Click here if you don’t see subscription options
Iraqi citizens, fleeing from Mosul and other northern Iraq towns, walk to a Kurdish security forces checkpoint in the Khazer area between the Iraqi city of Mosul and the Kurdish city of Irbil, northern Iraq, on June 25, 2014. Northern Iraq was historically a location with larger Christian and Yazidi populations. (AP Photo/Hussein Malla)

(RNS) — Last fall, as coalition troops broke through the last major strongholds held by the so-called Islamic State, Vice President Mike Pence delivered a speech to the advocacy group In Defense of Christians in Washington, D.C. In what attendees said was an unexpected move, he focused a sizable portion of his remarks on attacking United Nations efforts to assist Iraqi minority religious groups whose ancient, ancestral homes were ravaged by the militants.
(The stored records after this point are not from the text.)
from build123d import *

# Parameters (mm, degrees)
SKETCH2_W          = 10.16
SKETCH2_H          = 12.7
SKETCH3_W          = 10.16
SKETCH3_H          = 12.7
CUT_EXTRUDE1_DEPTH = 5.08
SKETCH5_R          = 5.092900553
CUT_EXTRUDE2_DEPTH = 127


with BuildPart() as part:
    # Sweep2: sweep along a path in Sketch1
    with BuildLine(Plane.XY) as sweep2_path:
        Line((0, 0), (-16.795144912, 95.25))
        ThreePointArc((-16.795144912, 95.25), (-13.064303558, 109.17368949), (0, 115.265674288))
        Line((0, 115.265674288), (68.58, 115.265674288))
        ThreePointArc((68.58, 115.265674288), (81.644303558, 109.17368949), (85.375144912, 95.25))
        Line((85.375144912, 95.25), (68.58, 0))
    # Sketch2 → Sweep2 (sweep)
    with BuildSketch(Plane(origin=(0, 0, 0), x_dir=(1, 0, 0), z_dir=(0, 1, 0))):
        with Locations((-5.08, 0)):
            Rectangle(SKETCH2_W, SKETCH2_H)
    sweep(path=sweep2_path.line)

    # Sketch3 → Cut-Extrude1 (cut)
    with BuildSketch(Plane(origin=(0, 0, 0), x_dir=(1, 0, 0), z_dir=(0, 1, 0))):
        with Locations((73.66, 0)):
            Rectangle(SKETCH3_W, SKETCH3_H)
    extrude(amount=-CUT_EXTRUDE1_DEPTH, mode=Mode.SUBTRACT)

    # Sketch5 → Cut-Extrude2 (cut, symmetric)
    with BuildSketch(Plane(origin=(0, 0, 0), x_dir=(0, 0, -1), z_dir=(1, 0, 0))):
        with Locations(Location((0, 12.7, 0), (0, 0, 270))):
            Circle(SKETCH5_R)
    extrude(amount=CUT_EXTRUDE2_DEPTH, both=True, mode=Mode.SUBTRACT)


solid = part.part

“Our fellow Christians and all who are persecuted in the Middle East should not have to rely on multinational institutions when America can help them directly,” Pence said. “And tonight, it is my privilege to announce that President Trump has ordered the State Department to stop funding ineffective relief efforts at the United Nations.”

Instead, Pence said, the Iraqi communities would receive support directly from the U.S. Agency for International Development to help them rebuild.

The move was celebrated by evangelical leaders in the United States, for whom the restoration of Iraq’s Christian community is a key foreign policy goal. But most parties involved say they are increasingly concerned that even the most successful rebuilding program faces a more vexing issue: security.

USAID, which has already spent approximately $700 million in humanitarian assistance for all of Iraq since 2014, unveiled a “Broad Agency Announcement” soon after Pence’s speech, expediting the process of granting funds to local nongovernmental organizations.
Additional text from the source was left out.